Member of the Texas House of Representatives from the 126th district
- In office January 8, 2007 – January 8, 2017
- Preceded by: Peggy Hamric
- Succeeded by: Kevin Roberts

Personal details
- Born: Patricia Fincher November 13, 1963 (age 62)
- Party: Republican
- Spouse: Sam Harless ​(m. 1985)​
- Children: 1
- Alma mater: LeTourneau University

= Patricia Harless =

Patricia Fincher Harless (born November 13, 1963) is a Texan politician and businesswoman who represented the 126th district in the Texas House of Representatives until 2017.

== Political career ==
Harless was appointed to the Texas Motor Vehicle Board overseeing the Texas Department of Motor Vehicles by Governor George W. Bush and later re-appointed by Governor Rick Perry, serving from 1998 to 2005.

She was elected to the Texas House of Representatives in 2006 for the 126th district as a member of the Republican Party. She was sworn in on January 8, 2007 succeeding Republican Peggy Hamric and was subsequently re-elected four times.

In 2016, she declined to seek re-election and was succeeded by Kevin Roberts.

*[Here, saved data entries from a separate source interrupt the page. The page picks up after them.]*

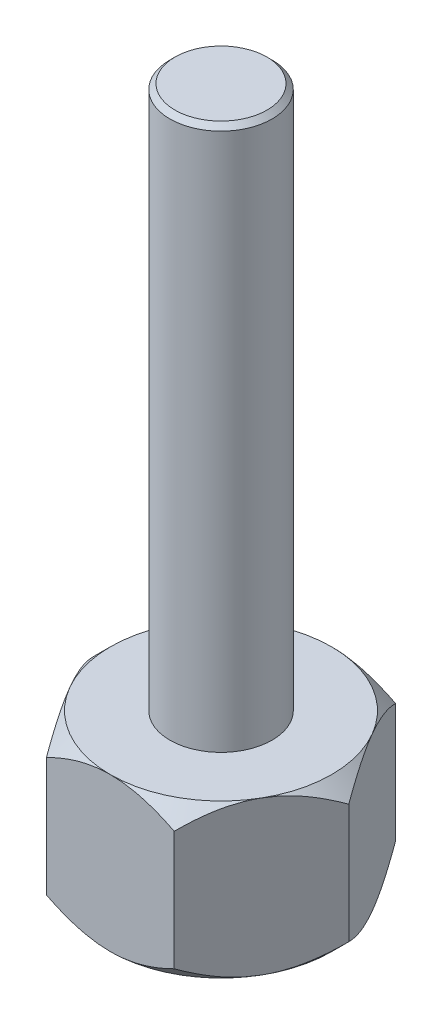
from build123d import *

# Parameters (mm, degrees)
BOSS_EXTRUDE1_DEPTH = 6
SKETCH1_3_R         = 2
BOSS_EXTRUDE2_DEPTH = 27.25
SKETCH2_OUTSIDE_W   = 76.14
SKETCH2_OUTSIDE_H   = 74.8
SKETCH2_OUTSIDE_R   = 4.330127019
CUT_EXTRUDE5_DEPTH  = 29.041264237
CUT_EXTRUDE5_DRAFT  = -45
CHAMFER1_SIZE       = 0.2
SKETCH3_OUTSIDE_W   = 64.57
SKETCH3_OUTSIDE_H   = 63.23
SKETCH3_OUTSIDE_R   = 4.330127019
CUT_EXTRUDE6_DEPTH  = 23.255617268
CUT_EXTRUDE6_DRAFT  = -45


with BuildPart() as part:
    # Sketch1 → Boss-Extrude1 (new body)
    with BuildSketch(Plane(origin=(0, 0, 0), x_dir=(1, 0, 0), z_dir=(0, 1, 0))):
        Polygon((-2.5, -4.330127019), (2.5, -4.330127019), (5, 0), (2.5, 4.330127019), (-2.5, 4.330127019), (-5, 0), align=None)
    extrude(amount=BOSS_EXTRUDE1_DEPTH)

    # Sketch1<3> → Boss-Extrude2 (add)
    with BuildSketch(Plane(origin=(0, 0, 0), x_dir=(1, 0, 0), z_dir=(0, 1, 0))):
        Circle(SKETCH1_3_R)
    extrude(amount=BOSS_EXTRUDE2_DEPTH)


with BuildPart() as cut_extrude5_tool:
    # Sketch2 outside → Cut-Extrude5 (with draft: the straight prism first)
    with BuildSketch(Plane.XZ):
        Rectangle(SKETCH2_OUTSIDE_W, SKETCH2_OUTSIDE_H)
        Circle(SKETCH2_OUTSIDE_R, mode=Mode.SUBTRACT)
    extrude(amount=-CUT_EXTRUDE5_DEPTH)
    # Cut-Extrude5: the draft: its side faces are tilted about the plane it starts from
    cut_extrude5_sides = [cut_extrude5_tool.faces().sort_by_distance(p)[0] for p in [
        (0, 14.520632118, -37.4),
        (38.07, 14.520632118, 0),
        (0, 14.520632118, 37.4),
        (-38.07, 14.520632118, 0),
        (-4.330127019, 14.520632118, 0),
    ]]
    draft(cut_extrude5_sides, Plane.XZ, CUT_EXTRUDE5_DRAFT)


with BuildPart() as part_1:
    add(part.part)

    # Cut-Extrude5: cut by cut_extrude5_tool
    add(cut_extrude5_tool.part, mode=Mode.SUBTRACT)

    # Chamfer1
    chamfer1_edges = [part_1.edges().sort_by_distance(p)[0] for p in [
        (-2, 27.25, 0),
    ]]
    chamfer(chamfer1_edges, length=CHAMFER1_SIZE)


with BuildPart() as cut_extrude6_tool:
    # Sketch3 outside → Cut-Extrude6 (with draft: the straight prism first)
    with BuildSketch(Plane(origin=(0, 6, 0), x_dir=(1, 0, 0), z_dir=(0, 1, 0))):
        Rectangle(SKETCH3_OUTSIDE_W, SKETCH3_OUTSIDE_H)
        Circle(SKETCH3_OUTSIDE_R, mode=Mode.SUBTRACT)
    extrude(amount=-CUT_EXTRUDE6_DEPTH)
    # Cut-Extrude6: the draft: its side faces are tilted about the plane it starts from
    cut_extrude6_sides = [cut_extrude6_tool.faces().sort_by_distance(p)[0] for p in [
        (0, -5.627808634, 31.615),
        (32.285, -5.627808634, 0),
        (0, -5.627808634, -31.615),
        (-32.285, -5.627808634, 0),
        (-4.330127019, -5.627808634, 0),
    ]]
    draft(cut_extrude6_sides, Plane(origin=(0, 6, 0), x_dir=(1, 0, 0), z_dir=(0, 1, 0)), CUT_EXTRUDE6_DRAFT)


with BuildPart() as part_2:
    add(part_1.part)

    # Cut-Extrude6: cut by cut_extrude6_tool
    add(cut_extrude6_tool.part, mode=Mode.SUBTRACT)


solid = part_2.part

In 2019, Sam Harless was elected to the Texas House of Representatives for her former district.

== Electoral history ==

=== 2006 ===

Texas General Election, 2006: House District 126
| Party | Candidate | Votes | % |
| Republican | Patricia Harless | 18,112 | 64.77% |
| Democrat | Chad Khan | 9,114 | 32.59% |
| Libertarian | Oscar J. Palma, Jr. | 736 | 2.63% |
| Margin |  | 8,998 | 32.18% |

=== 2008 ===

Texas General Election, 2008: House District 126
| Party | Candidate | Votes | % |
| Republican | Patricia Harless (Incumbent) | 32,748 | 59.40% |
| Democrat | Chad Khan | 21,179 | 38.42% |
| Libertarian | Oscar J. Palma, Jr. | 1,204 | 2.18% |
| Margin |  | 11,569 | 20.98% |

=== 2010 ===

Texas General Election, 2010: House District 126
| Party | Candidate | Votes | % |
| Republican | Patricia Harless (Incumbent) | 25,534 | 68.14% |
| Democrat | Casey McKinney | 11,938 | 31.86% |
| Margin |  | 13,596 | 36.28% |

=== 2012 ===

Texas General Election, 2012: House District 126
| Party | Candidate | Votes | % |
| Republican | Patricia Harless (Incumbent) | 40,311 | 100.00% |
| Margin |  | 40,311 | 100.00% |

=== 2014 ===

Texas General Election, 2014: House District 126
| Party | Candidate | Votes | % |
| Republican | Patricia Harless (Incumbent) | 23,899 | 86.31% |
| Libertarian | Cris Hernandez | 3,791 | 13.69% |
| Margin |  | 20,108 | 72.62% |

== Personal life ==
Harless married Sam Harless in 1985 and has one child. She co-owns Fred Fincher Motors, a car dealership group founded by her parents in 1959, with her husband and previously served as CFO.